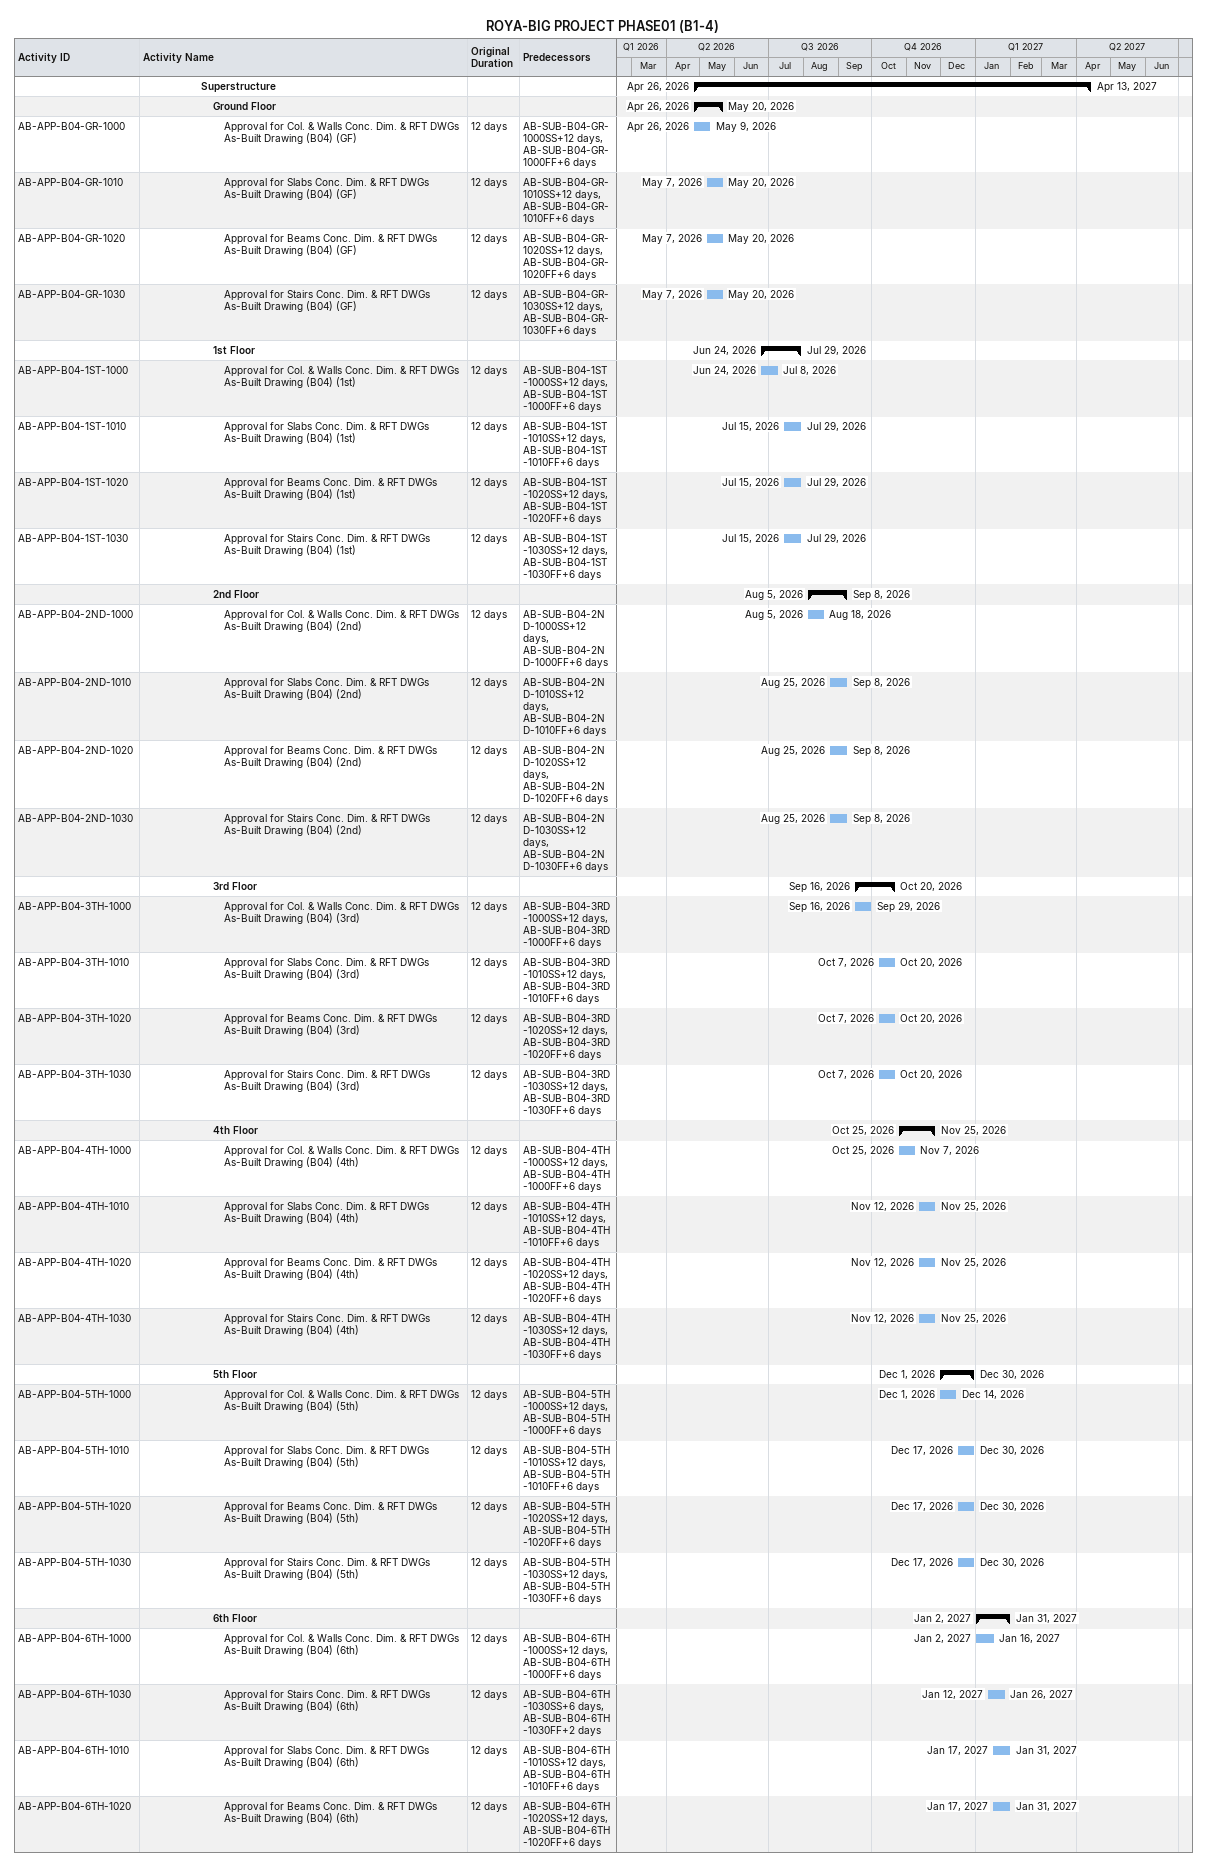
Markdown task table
ROYA-BIG PROJECT PHASE01 (B1-4)

| ID | Level | Task | Original duration | Start | Finish | Predecessors |
|---|---|---|---|---|---|---|
|  | 6 | **Superstructure** |  | 2026-04-26 | 2027-04-13 |  |
|  | 7 | **Ground Floor** |  | 2026-04-26 | 2026-05-20 |  |
| AB-APP-B04-GR-1000 | 8 | Approval for Col. & Walls Conc. Dim. & RFT DWGs As-Built Drawing (B04) (GF) | 12d | 2026-04-26 | 2026-05-09 | AB-SUB-B04-GR-1000SS+12d, AB-SUB-B04-GR-1000FF+6d |
| AB-APP-B04-GR-1010 | 8 | Approval for Slabs Conc. Dim. & RFT DWGs As-Built Drawing (B04) (GF) | 12d | 2026-05-07 | 2026-05-20 | AB-SUB-B04-GR-1010SS+12d, AB-SUB-B04-GR-1010FF+6d |
| AB-APP-B04-GR-1020 | 8 | Approval for Beams Conc. Dim. & RFT DWGs As-Built Drawing (B04) (GF) | 12d | 2026-05-07 | 2026-05-20 | AB-SUB-B04-GR-1020SS+12d, AB-SUB-B04-GR-1020FF+6d |
| AB-APP-B04-GR-1030 | 8 | Approval for Stairs Conc. Dim. & RFT DWGs As-Built Drawing (B04) (GF) | 12d | 2026-05-07 | 2026-05-20 | AB-SUB-B04-GR-1030SS+12d, AB-SUB-B04-GR-1030FF+6d |
|  | 7 | **1st Floor** |  | 2026-06-24 | 2026-07-29 |  |
| AB-APP-B04-1ST-1000 | 8 | Approval for Col. & Walls Conc. Dim. & RFT DWGs As-Built Drawing (B04) (1st) | 12d | 2026-06-24 | 2026-07-08 | AB-SUB-B04-1ST-1000SS+12d, AB-SUB-B04-1ST-1000FF+6d |
| AB-APP-B04-1ST-1010 | 8 | Approval for Slabs Conc. Dim. & RFT DWGs As-Built Drawing (B04) (1st) | 12d | 2026-07-15 | 2026-07-29 | AB-SUB-B04-1ST-1010SS+12d, AB-SUB-B04-1ST-1010FF+6d |
| AB-APP-B04-1ST-1020 | 8 | Approval for Beams Conc. Dim. & RFT DWGs As-Built Drawing (B04) (1st) | 12d | 2026-07-15 | 2026-07-29 | AB-SUB-B04-1ST-1020SS+12d, AB-SUB-B04-1ST-1020FF+6d |
| AB-APP-B04-1ST-1030 | 8 | Approval for Stairs Conc. Dim. & RFT DWGs As-Built Drawing (B04) (1st) | 12d | 2026-07-15 | 2026-07-29 | AB-SUB-B04-1ST-1030SS+12d, AB-SUB-B04-1ST-1030FF+6d |
|  | 7 | **2nd Floor** |  | 2026-08-05 | 2026-09-08 |  |
| AB-APP-B04-2ND-1000 | 8 | Approval for Col. & Walls Conc. Dim. & RFT DWGs As-Built Drawing (B04) (2nd) | 12d | 2026-08-05 | 2026-08-18 | AB-SUB-B04-2ND-1000SS+12d, AB-SUB-B04-2ND-1000FF+6d |
| AB-APP-B04-2ND-1010 | 8 | Approval for Slabs Conc. Dim. & RFT DWGs As-Built Drawing (B04) (2nd) | 12d | 2026-08-25 | 2026-09-08 | AB-SUB-B04-2ND-1010SS+12d, AB-SUB-B04-2ND-1010FF+6d |
| AB-APP-B04-2ND-1020 | 8 | Approval for Beams Conc. Dim. & RFT DWGs As-Built Drawing (B04) (2nd) | 12d | 2026-08-25 | 2026-09-08 | AB-SUB-B04-2ND-1020SS+12d, AB-SUB-B04-2ND-1020FF+6d |
| AB-APP-B04-2ND-1030 | 8 | Approval for Stairs Conc. Dim. & RFT DWGs As-Built Drawing (B04) (2nd) | 12d | 2026-08-25 | 2026-09-08 | AB-SUB-B04-2ND-1030SS+12d, AB-SUB-B04-2ND-1030FF+6d |
|  | 7 | **3rd Floor** |  | 2026-09-16 | 2026-10-20 |  |
| AB-APP-B04-3TH-1000 | 8 | Approval for Col. & Walls Conc. Dim. & RFT DWGs As-Built Drawing (B04) (3rd) | 12d | 2026-09-16 | 2026-09-29 | AB-SUB-B04-3RD-1000SS+12d, AB-SUB-B04-3RD-1000FF+6d |
| AB-APP-B04-3TH-1010 | 8 | Approval for Slabs Conc. Dim. & RFT DWGs As-Built Drawing (B04) (3rd) | 12d | 2026-10-07 | 2026-10-20 | AB-SUB-B04-3RD-1010SS+12d, AB-SUB-B04-3RD-1010FF+6d |
| AB-APP-B04-3TH-1020 | 8 | Approval for Beams Conc. Dim. & RFT DWGs As-Built Drawing (B04) (3rd) | 12d | 2026-10-07 | 2026-10-20 | AB-SUB-B04-3RD-1020SS+12d, AB-SUB-B04-3RD-1020FF+6d |
| AB-APP-B04-3TH-1030 | 8 | Approval for Stairs Conc. Dim. & RFT DWGs As-Built Drawing (B04) (3rd) | 12d | 2026-10-07 | 2026-10-20 | AB-SUB-B04-3RD-1030SS+12d, AB-SUB-B04-3RD-1030FF+6d |
|  | 7 | **4th Floor** |  | 2026-10-25 | 2026-11-25 |  |
| AB-APP-B04-4TH-1000 | 8 | Approval for Col. & Walls Conc. Dim. & RFT DWGs As-Built Drawing (B04) (4th) | 12d | 2026-10-25 | 2026-11-07 | AB-SUB-B04-4TH-1000SS+12d, AB-SUB-B04-4TH-1000FF+6d |
| AB-APP-B04-4TH-1010 | 8 | Approval for Slabs Conc. Dim. & RFT DWGs As-Built Drawing (B04) (4th) | 12d | 2026-11-12 | 2026-11-25 | AB-SUB-B04-4TH-1010SS+12d, AB-SUB-B04-4TH-1010FF+6d |
| AB-APP-B04-4TH-1020 | 8 | Approval for Beams Conc. Dim. & RFT DWGs As-Built Drawing (B04) (4th) | 12d | 2026-11-12 | 2026-11-25 | AB-SUB-B04-4TH-1020SS+12d, AB-SUB-B04-4TH-1020FF+6d |
| AB-APP-B04-4TH-1030 | 8 | Approval for Stairs Conc. Dim. & RFT DWGs As-Built Drawing (B04) (4th) | 12d | 2026-11-12 | 2026-11-25 | AB-SUB-B04-4TH-1030SS+12d, AB-SUB-B04-4TH-1030FF+6d |
|  | 7 | **5th Floor** |  | 2026-12-01 | 2026-12-30 |  |
| AB-APP-B04-5TH-1000 | 8 | Approval for Col. & Walls Conc. Dim. & RFT DWGs As-Built Drawing (B04) (5th) | 12d | 2026-12-01 | 2026-12-14 | AB-SUB-B04-5TH-1000SS+12d, AB-SUB-B04-5TH-1000FF+6d |
| AB-APP-B04-5TH-1010 | 8 | Approval for Slabs Conc. Dim. & RFT DWGs As-Built Drawing (B04) (5th) | 12d | 2026-12-17 | 2026-12-30 | AB-SUB-B04-5TH-1010SS+12d, AB-SUB-B04-5TH-1010FF+6d |
| AB-APP-B04-5TH-1020 | 8 | Approval for Beams Conc. Dim. & RFT DWGs As-Built Drawing (B04) (5th) | 12d | 2026-12-17 | 2026-12-30 | AB-SUB-B04-5TH-1020SS+12d, AB-SUB-B04-5TH-1020FF+6d |
| AB-APP-B04-5TH-1030 | 8 | Approval for Stairs Conc. Dim. & RFT DWGs As-Built Drawing (B04) (5th) | 12d | 2026-12-17 | 2026-12-30 | AB-SUB-B04-5TH-1030SS+12d, AB-SUB-B04-5TH-1030FF+6d |
|  | 7 | **6th Floor** |  | 2027-01-02 | 2027-01-31 |  |
| AB-APP-B04-6TH-1000 | 8 | Approval for Col. & Walls Conc. Dim. & RFT DWGs As-Built Drawing (B04) (6th) | 12d | 2027-01-02 | 2027-01-16 | AB-SUB-B04-6TH-1000SS+12d, AB-SUB-B04-6TH-1000FF+6d |
| AB-APP-B04-6TH-1030 | 8 | Approval for Stairs Conc. Dim. & RFT DWGs As-Built Drawing (B04) (6th) | 12d | 2027-01-12 | 2027-01-26 | AB-SUB-B04-6TH-1030SS+6d, AB-SUB-B04-6TH-1030FF+2d |
| AB-APP-B04-6TH-1010 | 8 | Approval for Slabs Conc. Dim. & RFT DWGs As-Built Drawing (B04) (6th) | 12d | 2027-01-17 | 2027-01-31 | AB-SUB-B04-6TH-1010SS+12d, AB-SUB-B04-6TH-1010FF+6d |
| AB-APP-B04-6TH-1020 | 8 | Approval for Beams Conc. Dim. & RFT DWGs As-Built Drawing (B04) (6th) | 12d | 2027-01-17 | 2027-01-31 | AB-SUB-B04-6TH-1020SS+12d, AB-SUB-B04-6TH-1020FF+6d |

____

Task - What you return must match the lines from the top of the data through the line with "AB-SUB-B04-GR-1020SS+12d, AB-SUB-B04-GR-1020FF+6d |" exactly, with the pictures removed.

Reply to the task -
Markdown task table
ROYA-BIG PROJECT PHASE01 (B1-4)

| ID | Level | Task | Original duration | Start | Finish | Predecessors |
|---|---|---|---|---|---|---|
|  | 6 | **Superstructure** |  | 2026-04-26 | 2027-04-13 |  |
|  | 7 | **Ground Floor** |  | 2026-04-26 | 2026-05-20 |  |
| AB-APP-B04-GR-1000 | 8 | Approval for Col. & Walls Conc. Dim. & RFT DWGs As-Built Drawing (B04) (GF) | 12d | 2026-04-26 | 2026-05-09 | AB-SUB-B04-GR-1000SS+12d, AB-SUB-B04-GR-1000FF+6d |
| AB-APP-B04-GR-1010 | 8 | Approval for Slabs Conc. Dim. & RFT DWGs As-Built Drawing (B04) (GF) | 12d | 2026-05-07 | 2026-05-20 | AB-SUB-B04-GR-1010SS+12d, AB-SUB-B04-GR-1010FF+6d |
| AB-APP-B04-GR-1020 | 8 | Approval for Beams Conc. Dim. & RFT DWGs As-Built Drawing (B04) (GF) | 12d | 2026-05-07 | 2026-05-20 | AB-SUB-B04-GR-1020SS+12d, AB-SUB-B04-GR-1020FF+6d |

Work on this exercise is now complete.